Begin at the line containing "#68=CIRCLE('',#67,8.25);" in the entries below and end at the line containing "#76=LINE('',#75,#74);"; transcribe that range exactly and nothing outside it.
Segment Start: DATA SUPPLIED
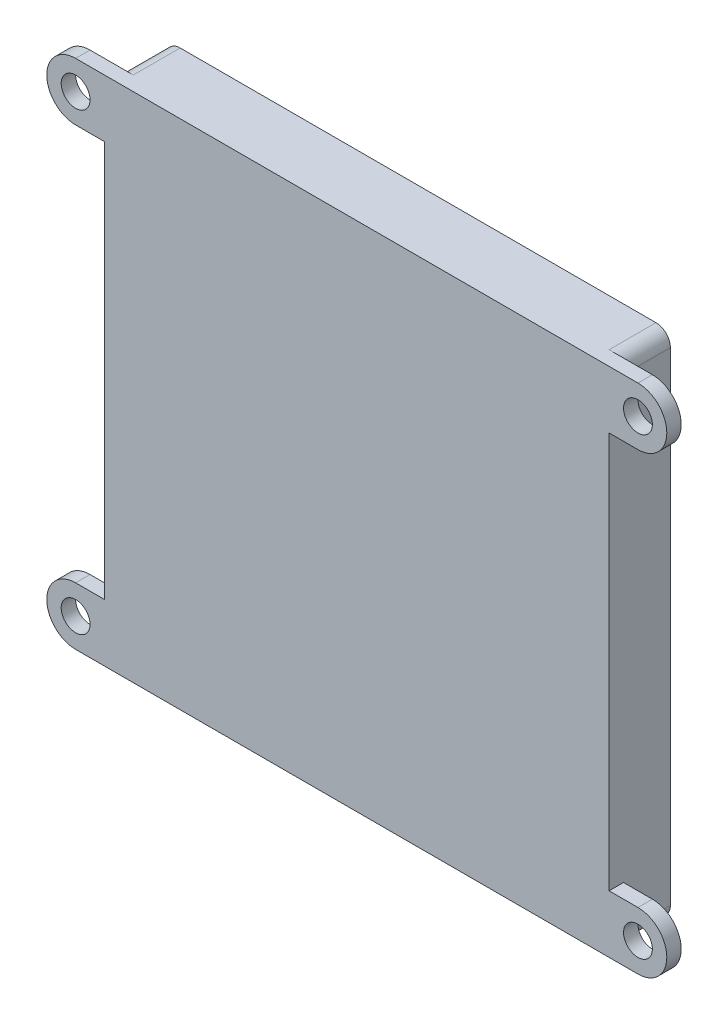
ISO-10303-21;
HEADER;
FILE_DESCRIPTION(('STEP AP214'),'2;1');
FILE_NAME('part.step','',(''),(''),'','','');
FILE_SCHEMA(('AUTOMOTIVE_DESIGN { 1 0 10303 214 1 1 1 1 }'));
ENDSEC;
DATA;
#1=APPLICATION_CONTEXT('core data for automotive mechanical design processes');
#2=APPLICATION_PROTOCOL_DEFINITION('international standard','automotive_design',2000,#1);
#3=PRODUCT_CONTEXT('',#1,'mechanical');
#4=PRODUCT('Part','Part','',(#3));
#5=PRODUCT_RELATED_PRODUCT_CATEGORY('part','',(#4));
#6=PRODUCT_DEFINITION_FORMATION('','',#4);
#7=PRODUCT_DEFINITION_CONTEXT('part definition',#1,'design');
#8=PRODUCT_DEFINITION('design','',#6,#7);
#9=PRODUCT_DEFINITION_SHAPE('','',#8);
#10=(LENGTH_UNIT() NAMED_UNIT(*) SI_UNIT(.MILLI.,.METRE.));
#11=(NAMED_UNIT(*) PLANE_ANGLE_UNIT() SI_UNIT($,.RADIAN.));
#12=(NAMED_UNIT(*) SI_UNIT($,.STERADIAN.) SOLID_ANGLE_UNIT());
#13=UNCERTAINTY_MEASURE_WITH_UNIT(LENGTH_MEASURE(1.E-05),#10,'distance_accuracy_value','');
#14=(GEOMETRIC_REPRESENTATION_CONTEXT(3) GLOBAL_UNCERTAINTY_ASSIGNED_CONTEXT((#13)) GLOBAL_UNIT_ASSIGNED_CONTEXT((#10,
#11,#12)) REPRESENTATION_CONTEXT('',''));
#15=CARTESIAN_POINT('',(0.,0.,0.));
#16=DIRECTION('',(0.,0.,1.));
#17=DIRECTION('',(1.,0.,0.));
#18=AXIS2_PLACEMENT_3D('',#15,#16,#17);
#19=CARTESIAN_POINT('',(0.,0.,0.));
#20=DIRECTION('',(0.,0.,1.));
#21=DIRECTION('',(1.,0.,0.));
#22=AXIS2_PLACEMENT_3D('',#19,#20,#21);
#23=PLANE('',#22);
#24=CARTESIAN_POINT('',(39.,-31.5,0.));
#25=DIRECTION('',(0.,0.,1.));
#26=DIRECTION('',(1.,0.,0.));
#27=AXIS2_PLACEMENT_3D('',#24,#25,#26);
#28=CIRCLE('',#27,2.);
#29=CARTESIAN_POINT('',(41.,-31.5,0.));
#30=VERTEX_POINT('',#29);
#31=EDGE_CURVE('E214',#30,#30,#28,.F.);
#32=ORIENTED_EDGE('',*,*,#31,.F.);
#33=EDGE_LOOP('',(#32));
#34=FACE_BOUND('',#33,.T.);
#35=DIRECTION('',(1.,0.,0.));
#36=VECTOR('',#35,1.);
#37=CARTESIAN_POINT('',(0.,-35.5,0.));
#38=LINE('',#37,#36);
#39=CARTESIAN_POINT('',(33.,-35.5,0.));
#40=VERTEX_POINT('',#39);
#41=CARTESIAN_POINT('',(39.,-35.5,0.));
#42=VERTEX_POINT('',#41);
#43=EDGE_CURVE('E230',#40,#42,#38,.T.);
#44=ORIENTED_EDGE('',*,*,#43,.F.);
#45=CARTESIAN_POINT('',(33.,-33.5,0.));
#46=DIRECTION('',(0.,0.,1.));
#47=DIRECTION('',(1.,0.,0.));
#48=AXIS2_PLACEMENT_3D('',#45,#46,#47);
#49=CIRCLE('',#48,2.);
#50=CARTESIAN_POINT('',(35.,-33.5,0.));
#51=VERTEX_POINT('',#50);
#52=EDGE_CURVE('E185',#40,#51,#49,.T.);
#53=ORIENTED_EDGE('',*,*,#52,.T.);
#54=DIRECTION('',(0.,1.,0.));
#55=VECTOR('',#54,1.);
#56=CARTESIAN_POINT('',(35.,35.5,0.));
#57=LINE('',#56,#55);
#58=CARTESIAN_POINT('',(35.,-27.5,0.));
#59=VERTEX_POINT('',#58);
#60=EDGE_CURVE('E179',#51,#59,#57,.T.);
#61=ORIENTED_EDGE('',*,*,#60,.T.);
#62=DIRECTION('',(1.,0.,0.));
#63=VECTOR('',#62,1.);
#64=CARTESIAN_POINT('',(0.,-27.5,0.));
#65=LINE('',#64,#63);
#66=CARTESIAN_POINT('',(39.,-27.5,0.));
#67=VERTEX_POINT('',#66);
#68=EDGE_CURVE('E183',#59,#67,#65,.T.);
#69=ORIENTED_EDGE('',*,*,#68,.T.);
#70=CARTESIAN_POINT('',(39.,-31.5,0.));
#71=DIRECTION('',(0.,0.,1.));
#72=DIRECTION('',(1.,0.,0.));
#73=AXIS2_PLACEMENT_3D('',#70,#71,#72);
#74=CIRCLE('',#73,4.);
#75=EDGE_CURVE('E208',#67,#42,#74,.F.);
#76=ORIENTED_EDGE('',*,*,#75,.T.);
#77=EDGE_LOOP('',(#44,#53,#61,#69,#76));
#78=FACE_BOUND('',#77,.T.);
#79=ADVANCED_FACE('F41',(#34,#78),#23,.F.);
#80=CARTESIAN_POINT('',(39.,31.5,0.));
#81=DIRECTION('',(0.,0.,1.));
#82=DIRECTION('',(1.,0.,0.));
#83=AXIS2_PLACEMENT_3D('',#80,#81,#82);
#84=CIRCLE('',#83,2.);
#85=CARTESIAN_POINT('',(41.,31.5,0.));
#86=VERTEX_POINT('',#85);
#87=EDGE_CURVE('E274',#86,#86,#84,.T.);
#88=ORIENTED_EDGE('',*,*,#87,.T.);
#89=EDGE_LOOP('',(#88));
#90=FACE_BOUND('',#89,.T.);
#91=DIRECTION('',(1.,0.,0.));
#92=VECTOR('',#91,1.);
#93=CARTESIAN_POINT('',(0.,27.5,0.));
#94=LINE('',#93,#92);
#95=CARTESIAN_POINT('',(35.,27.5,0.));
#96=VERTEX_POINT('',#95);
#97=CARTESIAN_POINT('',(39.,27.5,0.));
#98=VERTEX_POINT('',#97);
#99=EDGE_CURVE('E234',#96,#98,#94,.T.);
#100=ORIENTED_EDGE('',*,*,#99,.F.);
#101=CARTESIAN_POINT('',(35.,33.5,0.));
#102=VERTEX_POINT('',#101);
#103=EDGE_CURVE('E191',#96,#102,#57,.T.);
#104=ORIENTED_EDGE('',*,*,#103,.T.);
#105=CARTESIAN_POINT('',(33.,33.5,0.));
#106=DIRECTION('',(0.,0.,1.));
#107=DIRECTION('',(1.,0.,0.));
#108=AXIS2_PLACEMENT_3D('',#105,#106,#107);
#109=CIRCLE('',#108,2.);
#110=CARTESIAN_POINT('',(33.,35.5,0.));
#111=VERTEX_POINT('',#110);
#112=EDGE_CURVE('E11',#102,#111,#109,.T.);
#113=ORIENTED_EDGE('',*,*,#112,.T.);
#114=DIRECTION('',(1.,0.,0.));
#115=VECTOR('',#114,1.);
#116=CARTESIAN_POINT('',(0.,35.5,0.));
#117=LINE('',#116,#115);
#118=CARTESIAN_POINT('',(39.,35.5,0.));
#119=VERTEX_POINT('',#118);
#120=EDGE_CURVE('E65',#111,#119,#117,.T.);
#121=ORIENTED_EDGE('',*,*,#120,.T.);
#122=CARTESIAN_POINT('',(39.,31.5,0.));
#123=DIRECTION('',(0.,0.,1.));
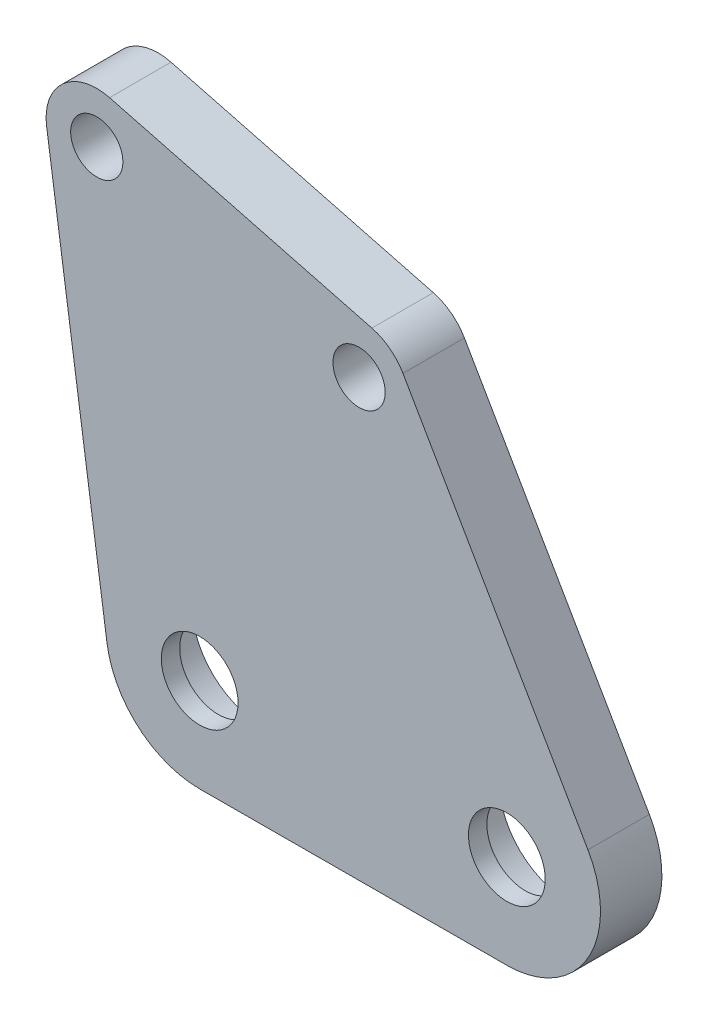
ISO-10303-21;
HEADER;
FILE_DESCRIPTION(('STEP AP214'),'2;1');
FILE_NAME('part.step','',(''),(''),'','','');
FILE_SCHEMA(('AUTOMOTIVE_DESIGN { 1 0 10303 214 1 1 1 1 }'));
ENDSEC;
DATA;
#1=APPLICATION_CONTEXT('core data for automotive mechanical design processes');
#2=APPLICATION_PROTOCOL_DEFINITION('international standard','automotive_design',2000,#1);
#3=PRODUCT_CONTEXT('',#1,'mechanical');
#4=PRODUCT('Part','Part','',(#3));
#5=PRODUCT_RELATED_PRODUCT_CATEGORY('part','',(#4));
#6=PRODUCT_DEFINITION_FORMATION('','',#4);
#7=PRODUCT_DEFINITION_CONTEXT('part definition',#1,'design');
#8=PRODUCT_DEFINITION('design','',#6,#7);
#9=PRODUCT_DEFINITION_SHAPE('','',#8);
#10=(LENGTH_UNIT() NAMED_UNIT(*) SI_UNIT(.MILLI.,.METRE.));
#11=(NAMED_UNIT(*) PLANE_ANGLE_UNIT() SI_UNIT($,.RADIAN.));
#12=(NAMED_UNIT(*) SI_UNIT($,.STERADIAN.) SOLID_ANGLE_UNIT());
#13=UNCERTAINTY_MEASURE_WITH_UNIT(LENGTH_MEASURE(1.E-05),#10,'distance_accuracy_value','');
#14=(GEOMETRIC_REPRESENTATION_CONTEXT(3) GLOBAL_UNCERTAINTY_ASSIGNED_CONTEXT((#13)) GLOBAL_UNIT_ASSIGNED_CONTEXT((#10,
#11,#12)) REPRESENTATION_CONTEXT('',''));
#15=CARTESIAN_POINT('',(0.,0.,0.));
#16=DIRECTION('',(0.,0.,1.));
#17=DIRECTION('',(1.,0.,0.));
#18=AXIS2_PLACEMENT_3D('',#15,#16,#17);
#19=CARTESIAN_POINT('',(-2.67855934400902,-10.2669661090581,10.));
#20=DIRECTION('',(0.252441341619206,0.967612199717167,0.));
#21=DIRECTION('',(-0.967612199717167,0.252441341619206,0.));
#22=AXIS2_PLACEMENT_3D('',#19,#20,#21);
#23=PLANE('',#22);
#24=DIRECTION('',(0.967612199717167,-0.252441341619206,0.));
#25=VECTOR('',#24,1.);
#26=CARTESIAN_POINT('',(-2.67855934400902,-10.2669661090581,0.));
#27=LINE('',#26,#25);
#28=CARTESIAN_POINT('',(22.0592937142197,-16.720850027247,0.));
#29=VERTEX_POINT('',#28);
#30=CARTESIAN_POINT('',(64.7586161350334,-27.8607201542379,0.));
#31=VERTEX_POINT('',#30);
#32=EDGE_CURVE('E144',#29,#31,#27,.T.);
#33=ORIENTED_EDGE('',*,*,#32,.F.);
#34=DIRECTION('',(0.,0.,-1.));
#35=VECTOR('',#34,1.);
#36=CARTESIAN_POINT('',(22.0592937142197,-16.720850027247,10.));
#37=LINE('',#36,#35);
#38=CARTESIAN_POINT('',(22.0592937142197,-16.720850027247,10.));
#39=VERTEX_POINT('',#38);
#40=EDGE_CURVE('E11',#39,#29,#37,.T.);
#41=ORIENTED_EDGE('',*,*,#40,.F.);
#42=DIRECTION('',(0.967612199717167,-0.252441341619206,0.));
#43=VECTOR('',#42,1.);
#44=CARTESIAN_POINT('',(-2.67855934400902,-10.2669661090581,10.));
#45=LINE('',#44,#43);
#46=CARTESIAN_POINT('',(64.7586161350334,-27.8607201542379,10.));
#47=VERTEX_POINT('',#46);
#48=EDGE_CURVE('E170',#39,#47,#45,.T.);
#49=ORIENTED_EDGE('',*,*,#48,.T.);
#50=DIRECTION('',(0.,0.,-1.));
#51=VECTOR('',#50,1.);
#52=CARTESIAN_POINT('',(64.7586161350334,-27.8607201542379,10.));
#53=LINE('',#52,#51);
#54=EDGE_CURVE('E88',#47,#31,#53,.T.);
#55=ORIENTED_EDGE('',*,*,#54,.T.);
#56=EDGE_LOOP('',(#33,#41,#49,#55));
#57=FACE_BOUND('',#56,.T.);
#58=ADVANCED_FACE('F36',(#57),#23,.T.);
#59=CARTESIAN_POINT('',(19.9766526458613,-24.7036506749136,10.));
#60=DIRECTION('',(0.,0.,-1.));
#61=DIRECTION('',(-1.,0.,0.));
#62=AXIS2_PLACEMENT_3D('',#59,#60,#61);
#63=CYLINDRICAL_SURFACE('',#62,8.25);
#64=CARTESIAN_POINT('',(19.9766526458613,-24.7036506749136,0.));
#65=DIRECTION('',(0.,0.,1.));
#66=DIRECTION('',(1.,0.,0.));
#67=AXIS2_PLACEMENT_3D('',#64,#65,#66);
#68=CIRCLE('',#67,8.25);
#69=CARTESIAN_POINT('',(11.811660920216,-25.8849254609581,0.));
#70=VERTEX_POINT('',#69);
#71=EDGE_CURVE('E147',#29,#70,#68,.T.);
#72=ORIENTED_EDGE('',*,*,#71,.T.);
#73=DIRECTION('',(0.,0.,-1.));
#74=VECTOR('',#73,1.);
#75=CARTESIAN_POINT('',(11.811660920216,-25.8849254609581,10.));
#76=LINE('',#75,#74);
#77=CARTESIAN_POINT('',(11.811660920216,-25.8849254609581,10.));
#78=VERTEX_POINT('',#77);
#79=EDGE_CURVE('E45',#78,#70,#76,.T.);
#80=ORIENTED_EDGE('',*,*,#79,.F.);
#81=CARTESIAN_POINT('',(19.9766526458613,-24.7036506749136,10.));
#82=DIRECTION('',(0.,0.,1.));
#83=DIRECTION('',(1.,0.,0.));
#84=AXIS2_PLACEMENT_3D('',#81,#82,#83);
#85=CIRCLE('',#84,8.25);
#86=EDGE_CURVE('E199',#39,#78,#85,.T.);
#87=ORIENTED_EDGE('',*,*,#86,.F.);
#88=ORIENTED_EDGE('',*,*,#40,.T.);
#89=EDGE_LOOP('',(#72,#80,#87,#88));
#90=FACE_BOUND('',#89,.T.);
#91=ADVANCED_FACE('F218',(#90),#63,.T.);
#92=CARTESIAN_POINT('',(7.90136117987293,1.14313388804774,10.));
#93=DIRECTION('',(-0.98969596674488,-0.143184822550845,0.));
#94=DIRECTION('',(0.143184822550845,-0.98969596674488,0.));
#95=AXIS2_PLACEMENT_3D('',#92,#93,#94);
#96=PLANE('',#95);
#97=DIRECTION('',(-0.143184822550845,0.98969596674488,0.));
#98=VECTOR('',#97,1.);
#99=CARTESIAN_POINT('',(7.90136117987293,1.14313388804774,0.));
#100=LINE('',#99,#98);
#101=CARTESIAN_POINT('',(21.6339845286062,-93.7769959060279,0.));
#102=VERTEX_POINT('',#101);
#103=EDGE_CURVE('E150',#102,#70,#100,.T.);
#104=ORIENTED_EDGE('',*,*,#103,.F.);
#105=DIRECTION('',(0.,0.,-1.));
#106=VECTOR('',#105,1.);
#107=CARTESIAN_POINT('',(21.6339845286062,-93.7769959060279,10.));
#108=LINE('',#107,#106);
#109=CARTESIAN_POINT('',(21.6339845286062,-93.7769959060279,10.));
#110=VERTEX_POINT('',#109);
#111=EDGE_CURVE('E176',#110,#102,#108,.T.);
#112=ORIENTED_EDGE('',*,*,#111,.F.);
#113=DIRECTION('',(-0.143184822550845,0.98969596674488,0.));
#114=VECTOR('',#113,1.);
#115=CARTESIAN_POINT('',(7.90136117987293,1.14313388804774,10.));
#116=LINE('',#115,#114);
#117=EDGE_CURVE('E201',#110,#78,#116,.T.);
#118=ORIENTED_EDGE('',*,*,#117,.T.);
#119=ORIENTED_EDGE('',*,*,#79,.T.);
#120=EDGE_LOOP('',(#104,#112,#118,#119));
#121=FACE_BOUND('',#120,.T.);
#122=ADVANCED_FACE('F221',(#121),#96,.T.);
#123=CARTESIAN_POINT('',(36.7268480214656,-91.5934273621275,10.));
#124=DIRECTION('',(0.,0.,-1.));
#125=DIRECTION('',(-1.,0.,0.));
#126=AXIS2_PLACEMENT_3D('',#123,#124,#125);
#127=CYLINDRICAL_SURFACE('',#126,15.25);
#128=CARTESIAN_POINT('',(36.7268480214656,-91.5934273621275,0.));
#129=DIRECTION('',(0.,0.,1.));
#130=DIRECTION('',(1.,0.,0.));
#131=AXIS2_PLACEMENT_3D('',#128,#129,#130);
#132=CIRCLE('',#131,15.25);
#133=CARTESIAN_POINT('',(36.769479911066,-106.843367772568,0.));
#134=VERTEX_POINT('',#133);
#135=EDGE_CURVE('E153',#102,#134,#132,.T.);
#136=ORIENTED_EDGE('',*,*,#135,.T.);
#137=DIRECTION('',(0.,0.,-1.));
Segment End: DATA SUPPLIED
**ANSWER SPACE:**
#68=CIRCLE('',#67,8.25);
#69=CARTESIAN_POINT('',(11.811660920216,-25.8849254609581,0.));
#70=VERTEX_POINT('',#69);
#71=EDGE_CURVE('E147',#29,#70,#68,.T.);
#72=ORIENTED_EDGE('',*,*,#71,.T.);
#73=DIRECTION('',(0.,0.,-1.));
#74=VECTOR('',#73,1.);
#75=CARTESIAN_POINT('',(11.811660920216,-25.8849254609581,10.));
#76=LINE('',#75,#74);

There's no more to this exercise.